---- DATA TO EXAMINE

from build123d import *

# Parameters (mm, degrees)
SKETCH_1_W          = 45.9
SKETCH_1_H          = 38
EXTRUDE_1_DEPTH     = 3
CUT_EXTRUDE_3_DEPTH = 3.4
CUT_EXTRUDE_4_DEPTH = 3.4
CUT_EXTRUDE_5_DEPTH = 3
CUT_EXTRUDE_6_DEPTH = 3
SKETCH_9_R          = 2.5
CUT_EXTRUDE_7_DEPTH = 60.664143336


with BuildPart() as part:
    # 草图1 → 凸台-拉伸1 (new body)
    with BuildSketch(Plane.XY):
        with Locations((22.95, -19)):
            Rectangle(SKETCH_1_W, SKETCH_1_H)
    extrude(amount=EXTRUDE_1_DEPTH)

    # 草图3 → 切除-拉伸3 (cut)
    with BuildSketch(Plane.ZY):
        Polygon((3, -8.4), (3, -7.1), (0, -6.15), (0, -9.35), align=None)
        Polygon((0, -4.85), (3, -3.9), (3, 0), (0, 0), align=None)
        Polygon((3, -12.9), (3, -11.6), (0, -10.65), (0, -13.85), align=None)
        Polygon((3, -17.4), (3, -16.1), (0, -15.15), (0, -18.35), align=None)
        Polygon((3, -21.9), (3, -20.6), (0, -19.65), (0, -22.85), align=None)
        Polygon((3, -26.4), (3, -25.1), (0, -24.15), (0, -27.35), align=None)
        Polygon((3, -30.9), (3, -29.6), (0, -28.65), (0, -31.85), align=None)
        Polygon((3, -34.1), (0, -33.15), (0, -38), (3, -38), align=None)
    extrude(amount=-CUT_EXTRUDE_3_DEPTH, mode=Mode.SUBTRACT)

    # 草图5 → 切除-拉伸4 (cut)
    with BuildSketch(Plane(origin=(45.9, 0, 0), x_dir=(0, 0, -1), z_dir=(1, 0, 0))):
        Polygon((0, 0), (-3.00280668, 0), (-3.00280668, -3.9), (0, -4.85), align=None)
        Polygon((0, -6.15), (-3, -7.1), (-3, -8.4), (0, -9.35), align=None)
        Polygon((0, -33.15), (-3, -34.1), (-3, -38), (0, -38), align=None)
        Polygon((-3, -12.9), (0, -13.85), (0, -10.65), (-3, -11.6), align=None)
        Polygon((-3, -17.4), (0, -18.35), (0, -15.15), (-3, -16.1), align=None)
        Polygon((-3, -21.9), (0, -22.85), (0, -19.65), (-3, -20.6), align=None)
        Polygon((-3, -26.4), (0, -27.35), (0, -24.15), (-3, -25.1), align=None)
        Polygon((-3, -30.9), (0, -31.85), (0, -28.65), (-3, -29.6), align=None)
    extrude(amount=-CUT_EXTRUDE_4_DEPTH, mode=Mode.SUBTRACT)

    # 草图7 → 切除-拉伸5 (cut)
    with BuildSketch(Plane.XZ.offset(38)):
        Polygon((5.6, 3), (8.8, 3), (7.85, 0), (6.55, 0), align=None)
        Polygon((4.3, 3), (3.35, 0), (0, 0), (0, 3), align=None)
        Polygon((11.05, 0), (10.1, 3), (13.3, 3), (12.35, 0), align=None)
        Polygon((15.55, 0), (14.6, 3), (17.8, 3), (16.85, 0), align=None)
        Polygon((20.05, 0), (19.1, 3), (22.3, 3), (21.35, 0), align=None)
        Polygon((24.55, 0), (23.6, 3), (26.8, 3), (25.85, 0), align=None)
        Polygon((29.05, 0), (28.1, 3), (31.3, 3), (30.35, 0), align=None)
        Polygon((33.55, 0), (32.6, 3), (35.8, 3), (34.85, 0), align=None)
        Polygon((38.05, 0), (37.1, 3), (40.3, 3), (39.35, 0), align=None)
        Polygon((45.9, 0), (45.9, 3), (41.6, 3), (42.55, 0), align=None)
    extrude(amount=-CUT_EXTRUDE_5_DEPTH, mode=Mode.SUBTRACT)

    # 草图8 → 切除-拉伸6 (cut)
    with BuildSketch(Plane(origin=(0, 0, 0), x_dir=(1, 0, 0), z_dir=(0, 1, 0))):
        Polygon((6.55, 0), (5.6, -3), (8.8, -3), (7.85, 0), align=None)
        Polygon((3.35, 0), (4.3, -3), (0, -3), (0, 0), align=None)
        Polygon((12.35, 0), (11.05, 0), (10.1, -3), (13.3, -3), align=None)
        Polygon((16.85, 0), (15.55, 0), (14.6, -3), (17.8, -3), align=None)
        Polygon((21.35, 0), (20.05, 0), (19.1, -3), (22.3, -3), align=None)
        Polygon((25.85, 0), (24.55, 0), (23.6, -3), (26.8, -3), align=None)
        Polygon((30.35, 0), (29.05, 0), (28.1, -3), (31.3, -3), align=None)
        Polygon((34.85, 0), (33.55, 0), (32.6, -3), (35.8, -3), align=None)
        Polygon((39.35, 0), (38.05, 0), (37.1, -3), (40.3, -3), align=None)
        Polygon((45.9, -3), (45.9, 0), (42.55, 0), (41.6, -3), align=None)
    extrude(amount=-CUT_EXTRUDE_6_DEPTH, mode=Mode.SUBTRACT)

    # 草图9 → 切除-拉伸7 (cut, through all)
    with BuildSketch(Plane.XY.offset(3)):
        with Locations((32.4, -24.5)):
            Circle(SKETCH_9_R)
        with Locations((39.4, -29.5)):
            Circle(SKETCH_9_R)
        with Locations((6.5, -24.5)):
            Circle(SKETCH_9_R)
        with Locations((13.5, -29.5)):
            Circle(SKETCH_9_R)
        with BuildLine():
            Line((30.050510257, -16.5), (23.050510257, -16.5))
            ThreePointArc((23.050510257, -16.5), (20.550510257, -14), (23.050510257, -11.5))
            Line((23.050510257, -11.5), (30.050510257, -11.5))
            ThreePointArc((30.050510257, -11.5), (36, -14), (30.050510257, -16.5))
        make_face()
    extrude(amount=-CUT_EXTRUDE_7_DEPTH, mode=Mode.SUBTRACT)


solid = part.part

--------

WHAT YOU SHOULD DO :: Retype each entry without altering a single word.

WORKED SOLUTION ::
from build123d import *

# Parameters (mm, degrees)
SKETCH_1_W          = 45.9
SKETCH_1_H          = 38
EXTRUDE_1_DEPTH     = 3
CUT_EXTRUDE_3_DEPTH = 3.4
CUT_EXTRUDE_4_DEPTH = 3.4
CUT_EXTRUDE_5_DEPTH = 3
CUT_EXTRUDE_6_DEPTH = 3
SKETCH_9_R          = 2.5
CUT_EXTRUDE_7_DEPTH = 60.664143336


with BuildPart() as part:
    # 草图1 → 凸台-拉伸1 (new body)
    with BuildSketch(Plane.XY):
        with Locations((22.95, -19)):
            Rectangle(SKETCH_1_W, SKETCH_1_H)
    extrude(amount=EXTRUDE_1_DEPTH)

    # 草图3 → 切除-拉伸3 (cut)
    with BuildSketch(Plane.ZY):
        Polygon((3, -8.4), (3, -7.1), (0, -6.15), (0, -9.35), align=None)
        Polygon((0, -4.85), (3, -3.9), (3, 0), (0, 0), align=None)
        Polygon((3, -12.9), (3, -11.6), (0, -10.65), (0, -13.85), align=None)
        Polygon((3, -17.4), (3, -16.1), (0, -15.15), (0, -18.35), align=None)
        Polygon((3, -21.9), (3, -20.6), (0, -19.65), (0, -22.85), align=None)
        Polygon((3, -26.4), (3, -25.1), (0, -24.15), (0, -27.35), align=None)
        Polygon((3, -30.9), (3, -29.6), (0, -28.65), (0, -31.85), align=None)
        Polygon((3, -34.1), (0, -33.15), (0, -38), (3, -38), align=None)
    extrude(amount=-CUT_EXTRUDE_3_DEPTH, mode=Mode.SUBTRACT)

    # 草图5 → 切除-拉伸4 (cut)
    with BuildSketch(Plane(origin=(45.9, 0, 0), x_dir=(0, 0, -1), z_dir=(1, 0, 0))):
        Polygon((0, 0), (-3.00280668, 0), (-3.00280668, -3.9), (0, -4.85), align=None)
        Polygon((0, -6.15), (-3, -7.1), (-3, -8.4), (0, -9.35), align=None)
        Polygon((0, -33.15), (-3, -34.1), (-3, -38), (0, -38), align=None)
        Polygon((-3, -12.9), (0, -13.85), (0, -10.65), (-3, -11.6), align=None)
        Polygon((-3, -17.4), (0, -18.35), (0, -15.15), (-3, -16.1), align=None)
        Polygon((-3, -21.9), (0, -22.85), (0, -19.65), (-3, -20.6), align=None)
        Polygon((-3, -26.4), (0, -27.35), (0, -24.15), (-3, -25.1), align=None)
        Polygon((-3, -30.9), (0, -31.85), (0, -28.65), (-3, -29.6), align=None)
    extrude(amount=-CUT_EXTRUDE_4_DEPTH, mode=Mode.SUBTRACT)

    # 草图7 → 切除-拉伸5 (cut)
    with BuildSketch(Plane.XZ.offset(38)):
        Polygon((5.6, 3), (8.8, 3), (7.85, 0), (6.55, 0), align=None)
        Polygon((4.3, 3), (3.35, 0), (0, 0), (0, 3), align=None)
        Polygon((11.05, 0), (10.1, 3), (13.3, 3), (12.35, 0), align=None)
        Polygon((15.55, 0), (14.6, 3), (17.8, 3), (16.85, 0), align=None)
        Polygon((20.05, 0), (19.1, 3), (22.3, 3), (21.35, 0), align=None)
        Polygon((24.55, 0), (23.6, 3), (26.8, 3), (25.85, 0), align=None)
        Polygon((29.05, 0), (28.1, 3), (31.3, 3), (30.35, 0), align=None)
        Polygon((33.55, 0), (32.6, 3), (35.8, 3), (34.85, 0), align=None)
        Polygon((38.05, 0), (37.1, 3), (40.3, 3), (39.35, 0), align=None)
        Polygon((45.9, 0), (45.9, 3), (41.6, 3), (42.55, 0), align=None)
    extrude(amount=-CUT_EXTRUDE_5_DEPTH, mode=Mode.SUBTRACT)

    # 草图8 → 切除-拉伸6 (cut)
    with BuildSketch(Plane(origin=(0, 0, 0), x_dir=(1, 0, 0), z_dir=(0, 1, 0))):
        Polygon((6.55, 0), (5.6, -3), (8.8, -3), (7.85, 0), align=None)
        Polygon((3.35, 0), (4.3, -3), (0, -3), (0, 0), align=None)
        Polygon((12.35, 0), (11.05, 0), (10.1, -3), (13.3, -3), align=None)
        Polygon((16.85, 0), (15.55, 0), (14.6, -3), (17.8, -3), align=None)
        Polygon((21.35, 0), (20.05, 0), (19.1, -3), (22.3, -3), align=None)
        Polygon((25.85, 0), (24.55, 0), (23.6, -3), (26.8, -3), align=None)
        Polygon((30.35, 0), (29.05, 0), (28.1, -3), (31.3, -3), align=None)
        Polygon((34.85, 0), (33.55, 0), (32.6, -3), (35.8, -3), align=None)
        Polygon((39.35, 0), (38.05, 0), (37.1, -3), (40.3, -3), align=None)
        Polygon((45.9, -3), (45.9, 0), (42.55, 0), (41.6, -3), align=None)
    extrude(amount=-CUT_EXTRUDE_6_DEPTH, mode=Mode.SUBTRACT)

    # 草图9 → 切除-拉伸7 (cut, through all)
    with BuildSketch(Plane.XY.offset(3)):
        with Locations((32.4, -24.5)):
            Circle(SKETCH_9_R)
        with Locations((39.4, -29.5)):
            Circle(SKETCH_9_R)
        with Locations((6.5, -24.5)):
            Circle(SKETCH_9_R)
        with Locations((13.5, -29.5)):
            Circle(SKETCH_9_R)
        with BuildLine():
            Line((30.050510257, -16.5), (23.050510257, -16.5))
            ThreePointArc((23.050510257, -16.5), (20.550510257, -14), (23.050510257, -11.5))
            Line((23.050510257, -11.5), (30.050510257, -11.5))
            ThreePointArc((30.050510257, -11.5), (36, -14), (30.050510257, -16.5))
        make_face()
    extrude(amount=-CUT_EXTRUDE_7_DEPTH, mode=Mode.SUBTRACT)


solid = part.part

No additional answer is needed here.